* [Task objective]: Starting with the first line of the records, write out each line exactly until you have included the line containing "(stroke (width 0) (type default))".

* [Data shown]:
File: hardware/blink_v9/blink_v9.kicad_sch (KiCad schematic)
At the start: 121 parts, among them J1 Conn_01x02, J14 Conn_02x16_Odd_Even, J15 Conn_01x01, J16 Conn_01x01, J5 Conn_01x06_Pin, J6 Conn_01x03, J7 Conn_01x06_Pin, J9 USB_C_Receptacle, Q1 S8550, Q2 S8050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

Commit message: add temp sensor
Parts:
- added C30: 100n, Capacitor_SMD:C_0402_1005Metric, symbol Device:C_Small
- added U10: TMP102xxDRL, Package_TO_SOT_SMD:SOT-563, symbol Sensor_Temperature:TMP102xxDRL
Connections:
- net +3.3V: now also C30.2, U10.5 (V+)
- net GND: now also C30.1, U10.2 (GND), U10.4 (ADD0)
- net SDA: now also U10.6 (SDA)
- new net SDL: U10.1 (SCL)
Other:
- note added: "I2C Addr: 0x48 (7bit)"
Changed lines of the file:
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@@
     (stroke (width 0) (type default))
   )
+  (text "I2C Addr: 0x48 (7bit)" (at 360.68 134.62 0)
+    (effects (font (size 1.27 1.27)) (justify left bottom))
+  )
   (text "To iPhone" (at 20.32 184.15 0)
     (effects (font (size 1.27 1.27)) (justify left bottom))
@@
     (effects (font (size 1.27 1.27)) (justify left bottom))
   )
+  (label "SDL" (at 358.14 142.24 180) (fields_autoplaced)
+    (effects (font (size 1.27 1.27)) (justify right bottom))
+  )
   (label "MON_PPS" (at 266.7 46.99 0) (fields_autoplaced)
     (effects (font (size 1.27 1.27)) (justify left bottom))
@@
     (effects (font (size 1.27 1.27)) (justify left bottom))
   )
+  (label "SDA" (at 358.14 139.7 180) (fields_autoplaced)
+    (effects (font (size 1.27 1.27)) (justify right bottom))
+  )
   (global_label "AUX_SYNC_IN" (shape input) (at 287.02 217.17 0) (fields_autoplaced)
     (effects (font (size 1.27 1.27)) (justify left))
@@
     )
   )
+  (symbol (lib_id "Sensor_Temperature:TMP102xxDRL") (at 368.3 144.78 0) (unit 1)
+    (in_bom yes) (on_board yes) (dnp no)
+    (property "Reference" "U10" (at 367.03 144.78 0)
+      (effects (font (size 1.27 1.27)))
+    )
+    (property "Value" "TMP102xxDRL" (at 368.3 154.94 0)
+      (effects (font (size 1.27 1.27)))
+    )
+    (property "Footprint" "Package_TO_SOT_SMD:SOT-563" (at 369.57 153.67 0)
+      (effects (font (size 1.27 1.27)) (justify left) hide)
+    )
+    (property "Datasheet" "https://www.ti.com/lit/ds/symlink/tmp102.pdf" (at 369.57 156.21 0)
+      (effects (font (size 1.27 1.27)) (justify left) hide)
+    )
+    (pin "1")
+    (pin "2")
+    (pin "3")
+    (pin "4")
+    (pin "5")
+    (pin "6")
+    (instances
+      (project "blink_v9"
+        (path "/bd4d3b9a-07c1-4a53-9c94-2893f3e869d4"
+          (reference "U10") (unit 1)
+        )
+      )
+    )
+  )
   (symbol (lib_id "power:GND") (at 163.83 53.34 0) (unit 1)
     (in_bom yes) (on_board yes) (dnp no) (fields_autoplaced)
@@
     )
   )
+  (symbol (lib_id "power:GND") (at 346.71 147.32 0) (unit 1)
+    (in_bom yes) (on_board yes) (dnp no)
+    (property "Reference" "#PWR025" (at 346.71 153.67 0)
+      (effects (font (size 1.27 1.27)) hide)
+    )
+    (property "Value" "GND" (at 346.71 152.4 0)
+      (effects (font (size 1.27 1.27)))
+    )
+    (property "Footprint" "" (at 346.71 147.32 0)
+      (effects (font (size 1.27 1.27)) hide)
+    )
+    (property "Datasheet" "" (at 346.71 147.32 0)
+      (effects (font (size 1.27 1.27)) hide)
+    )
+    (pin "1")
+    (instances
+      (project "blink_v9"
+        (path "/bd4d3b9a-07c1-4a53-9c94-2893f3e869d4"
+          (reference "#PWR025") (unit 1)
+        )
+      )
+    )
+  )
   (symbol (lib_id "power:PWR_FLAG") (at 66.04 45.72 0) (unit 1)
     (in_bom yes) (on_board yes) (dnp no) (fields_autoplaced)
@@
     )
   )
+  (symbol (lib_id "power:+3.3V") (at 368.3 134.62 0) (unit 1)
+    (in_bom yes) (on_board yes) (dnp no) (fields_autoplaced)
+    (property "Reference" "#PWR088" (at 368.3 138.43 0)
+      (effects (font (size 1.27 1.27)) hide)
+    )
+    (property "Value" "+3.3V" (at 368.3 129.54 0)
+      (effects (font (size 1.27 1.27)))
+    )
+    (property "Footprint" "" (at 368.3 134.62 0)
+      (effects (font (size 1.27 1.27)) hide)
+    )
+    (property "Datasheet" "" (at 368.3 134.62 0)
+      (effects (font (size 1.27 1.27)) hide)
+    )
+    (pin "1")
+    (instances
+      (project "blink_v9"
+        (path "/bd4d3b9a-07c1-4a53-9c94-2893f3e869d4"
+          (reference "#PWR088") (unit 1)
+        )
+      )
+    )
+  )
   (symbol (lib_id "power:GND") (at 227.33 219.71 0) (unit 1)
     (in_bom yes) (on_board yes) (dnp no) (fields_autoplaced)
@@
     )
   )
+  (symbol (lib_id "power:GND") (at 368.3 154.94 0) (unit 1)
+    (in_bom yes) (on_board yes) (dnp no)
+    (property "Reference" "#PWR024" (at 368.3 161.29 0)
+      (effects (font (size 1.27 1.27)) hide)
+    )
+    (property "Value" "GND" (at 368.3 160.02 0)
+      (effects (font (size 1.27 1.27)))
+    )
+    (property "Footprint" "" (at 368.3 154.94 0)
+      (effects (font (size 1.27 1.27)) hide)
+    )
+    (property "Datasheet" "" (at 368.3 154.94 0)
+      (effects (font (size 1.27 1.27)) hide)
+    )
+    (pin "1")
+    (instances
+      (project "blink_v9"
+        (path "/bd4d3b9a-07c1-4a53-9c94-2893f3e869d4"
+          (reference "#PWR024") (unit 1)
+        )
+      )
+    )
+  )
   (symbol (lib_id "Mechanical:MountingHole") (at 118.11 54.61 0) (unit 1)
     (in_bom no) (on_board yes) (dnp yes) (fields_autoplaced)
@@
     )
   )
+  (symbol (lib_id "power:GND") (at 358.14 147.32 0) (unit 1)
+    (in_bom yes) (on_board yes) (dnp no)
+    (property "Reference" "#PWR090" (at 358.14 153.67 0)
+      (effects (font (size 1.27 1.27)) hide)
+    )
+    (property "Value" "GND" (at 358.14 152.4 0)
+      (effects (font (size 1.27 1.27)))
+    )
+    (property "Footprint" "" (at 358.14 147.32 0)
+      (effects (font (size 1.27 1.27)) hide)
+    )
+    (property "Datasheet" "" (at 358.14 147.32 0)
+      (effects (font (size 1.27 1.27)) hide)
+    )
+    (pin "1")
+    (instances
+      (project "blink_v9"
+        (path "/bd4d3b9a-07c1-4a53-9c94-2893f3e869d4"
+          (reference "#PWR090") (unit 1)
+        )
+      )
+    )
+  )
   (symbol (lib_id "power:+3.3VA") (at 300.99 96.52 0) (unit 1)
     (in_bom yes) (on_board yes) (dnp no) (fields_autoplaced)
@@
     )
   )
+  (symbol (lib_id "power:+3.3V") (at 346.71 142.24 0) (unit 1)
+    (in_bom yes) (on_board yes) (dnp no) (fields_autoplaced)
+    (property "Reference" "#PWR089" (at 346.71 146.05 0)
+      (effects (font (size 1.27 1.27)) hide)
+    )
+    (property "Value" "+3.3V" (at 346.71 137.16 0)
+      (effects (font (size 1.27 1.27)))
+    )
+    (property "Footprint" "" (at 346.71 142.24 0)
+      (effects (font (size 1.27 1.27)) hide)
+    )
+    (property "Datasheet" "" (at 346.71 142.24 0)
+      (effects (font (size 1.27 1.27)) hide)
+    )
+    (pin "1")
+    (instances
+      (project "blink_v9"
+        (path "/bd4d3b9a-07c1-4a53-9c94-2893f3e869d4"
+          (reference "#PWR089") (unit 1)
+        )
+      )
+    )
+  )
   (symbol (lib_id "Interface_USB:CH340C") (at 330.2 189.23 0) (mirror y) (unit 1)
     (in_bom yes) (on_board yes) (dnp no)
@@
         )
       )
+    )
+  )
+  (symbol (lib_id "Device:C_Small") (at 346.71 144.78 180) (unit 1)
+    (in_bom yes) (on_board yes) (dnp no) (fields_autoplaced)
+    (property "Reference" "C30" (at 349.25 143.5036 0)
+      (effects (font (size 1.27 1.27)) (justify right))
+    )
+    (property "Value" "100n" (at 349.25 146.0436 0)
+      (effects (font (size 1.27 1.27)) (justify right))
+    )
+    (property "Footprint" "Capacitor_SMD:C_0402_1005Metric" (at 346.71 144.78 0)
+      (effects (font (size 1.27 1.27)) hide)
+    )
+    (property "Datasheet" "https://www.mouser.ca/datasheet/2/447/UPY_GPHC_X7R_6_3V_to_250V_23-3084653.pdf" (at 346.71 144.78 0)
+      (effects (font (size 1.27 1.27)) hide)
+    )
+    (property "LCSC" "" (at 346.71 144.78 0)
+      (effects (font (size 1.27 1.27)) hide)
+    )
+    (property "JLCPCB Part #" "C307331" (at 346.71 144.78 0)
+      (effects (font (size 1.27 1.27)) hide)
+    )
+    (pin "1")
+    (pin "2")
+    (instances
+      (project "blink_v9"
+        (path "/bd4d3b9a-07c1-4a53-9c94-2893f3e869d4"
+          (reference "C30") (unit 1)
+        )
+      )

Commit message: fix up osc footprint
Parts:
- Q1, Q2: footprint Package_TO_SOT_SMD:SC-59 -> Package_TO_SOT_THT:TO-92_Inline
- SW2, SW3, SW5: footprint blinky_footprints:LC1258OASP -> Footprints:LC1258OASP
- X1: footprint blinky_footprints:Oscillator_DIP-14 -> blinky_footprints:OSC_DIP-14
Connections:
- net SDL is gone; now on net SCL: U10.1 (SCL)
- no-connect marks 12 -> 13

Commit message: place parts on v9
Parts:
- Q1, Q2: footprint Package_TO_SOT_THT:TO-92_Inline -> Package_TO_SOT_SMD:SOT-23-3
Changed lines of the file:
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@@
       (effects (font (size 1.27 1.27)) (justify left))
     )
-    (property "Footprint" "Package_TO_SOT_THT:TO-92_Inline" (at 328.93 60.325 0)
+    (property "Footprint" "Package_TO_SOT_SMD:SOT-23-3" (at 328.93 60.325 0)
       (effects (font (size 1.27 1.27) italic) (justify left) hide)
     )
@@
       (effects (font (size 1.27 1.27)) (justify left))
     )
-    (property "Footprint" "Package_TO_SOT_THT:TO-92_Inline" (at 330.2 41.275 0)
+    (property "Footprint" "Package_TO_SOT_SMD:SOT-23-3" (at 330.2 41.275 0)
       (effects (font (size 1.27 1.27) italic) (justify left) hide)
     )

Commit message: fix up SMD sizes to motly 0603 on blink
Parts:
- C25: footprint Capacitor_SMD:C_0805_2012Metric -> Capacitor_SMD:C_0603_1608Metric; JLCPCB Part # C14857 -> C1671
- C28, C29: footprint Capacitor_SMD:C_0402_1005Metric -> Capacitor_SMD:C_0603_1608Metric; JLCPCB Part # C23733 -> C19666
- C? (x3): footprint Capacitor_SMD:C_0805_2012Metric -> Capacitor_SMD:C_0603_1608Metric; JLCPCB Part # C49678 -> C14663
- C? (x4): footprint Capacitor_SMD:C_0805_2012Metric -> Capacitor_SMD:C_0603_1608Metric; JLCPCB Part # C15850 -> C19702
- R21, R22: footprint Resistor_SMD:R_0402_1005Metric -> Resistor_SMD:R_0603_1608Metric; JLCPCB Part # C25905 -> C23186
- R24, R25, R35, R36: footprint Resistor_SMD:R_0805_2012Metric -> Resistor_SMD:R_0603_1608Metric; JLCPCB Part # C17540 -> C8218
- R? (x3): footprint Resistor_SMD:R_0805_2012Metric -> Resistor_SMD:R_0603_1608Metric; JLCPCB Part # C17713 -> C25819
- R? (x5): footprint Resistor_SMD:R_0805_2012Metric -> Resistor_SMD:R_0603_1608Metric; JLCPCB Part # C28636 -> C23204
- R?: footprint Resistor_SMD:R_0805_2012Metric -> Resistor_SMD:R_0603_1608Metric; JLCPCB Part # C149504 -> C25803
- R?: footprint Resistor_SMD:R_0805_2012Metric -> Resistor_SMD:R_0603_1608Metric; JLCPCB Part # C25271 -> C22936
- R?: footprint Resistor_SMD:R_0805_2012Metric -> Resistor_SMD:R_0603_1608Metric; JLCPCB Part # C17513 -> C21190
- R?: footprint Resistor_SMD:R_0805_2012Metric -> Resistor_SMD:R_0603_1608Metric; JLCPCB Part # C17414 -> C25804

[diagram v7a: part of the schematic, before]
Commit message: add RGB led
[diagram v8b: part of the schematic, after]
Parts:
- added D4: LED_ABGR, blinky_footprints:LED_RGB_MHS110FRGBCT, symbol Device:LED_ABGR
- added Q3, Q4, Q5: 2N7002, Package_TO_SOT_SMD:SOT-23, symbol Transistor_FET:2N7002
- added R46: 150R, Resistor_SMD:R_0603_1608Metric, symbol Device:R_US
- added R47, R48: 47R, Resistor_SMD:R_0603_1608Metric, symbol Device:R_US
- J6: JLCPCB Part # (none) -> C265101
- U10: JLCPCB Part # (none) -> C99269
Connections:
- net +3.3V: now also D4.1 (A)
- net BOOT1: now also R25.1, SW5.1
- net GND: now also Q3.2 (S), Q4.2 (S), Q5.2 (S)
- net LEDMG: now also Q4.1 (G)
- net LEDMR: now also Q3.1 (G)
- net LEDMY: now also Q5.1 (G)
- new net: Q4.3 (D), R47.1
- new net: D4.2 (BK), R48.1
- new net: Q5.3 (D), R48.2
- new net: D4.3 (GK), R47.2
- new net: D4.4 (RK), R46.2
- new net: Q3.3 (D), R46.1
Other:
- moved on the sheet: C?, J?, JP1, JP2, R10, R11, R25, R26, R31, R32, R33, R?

* [Expected output]:
File: hardware/blink_v9/blink_v9.kicad_sch (KiCad schematic)
At the start: 121 parts, among them J1 Conn_01x02, J14 Conn_02x16_Odd_Even, J15 Conn_01x01, J16 Conn_01x01, J5 Conn_01x06_Pin, J6 Conn_01x03, J7 Conn_01x06_Pin, J9 USB_C_Receptacle, Q1 S8550, Q2 S8050

Commit message: add temp sensor
Parts:
- added C30: 100n, Capacitor_SMD:C_0402_1005Metric, symbol Device:C_Small
- added U10: TMP102xxDRL, Package_TO_SOT_SMD:SOT-563, symbol Sensor_Temperature:TMP102xxDRL
Connections:
- net +3.3V: now also C30.2, U10.5 (V+)
- net GND: now also C30.1, U10.2 (GND), U10.4 (ADD0)
- net SDA: now also U10.6 (SDA)
- new net SDL: U10.1 (SCL)
Other:
- note added: "I2C Addr: 0x48 (7bit)"
Changed lines of the file:
@@
     (stroke (width 0) (type default))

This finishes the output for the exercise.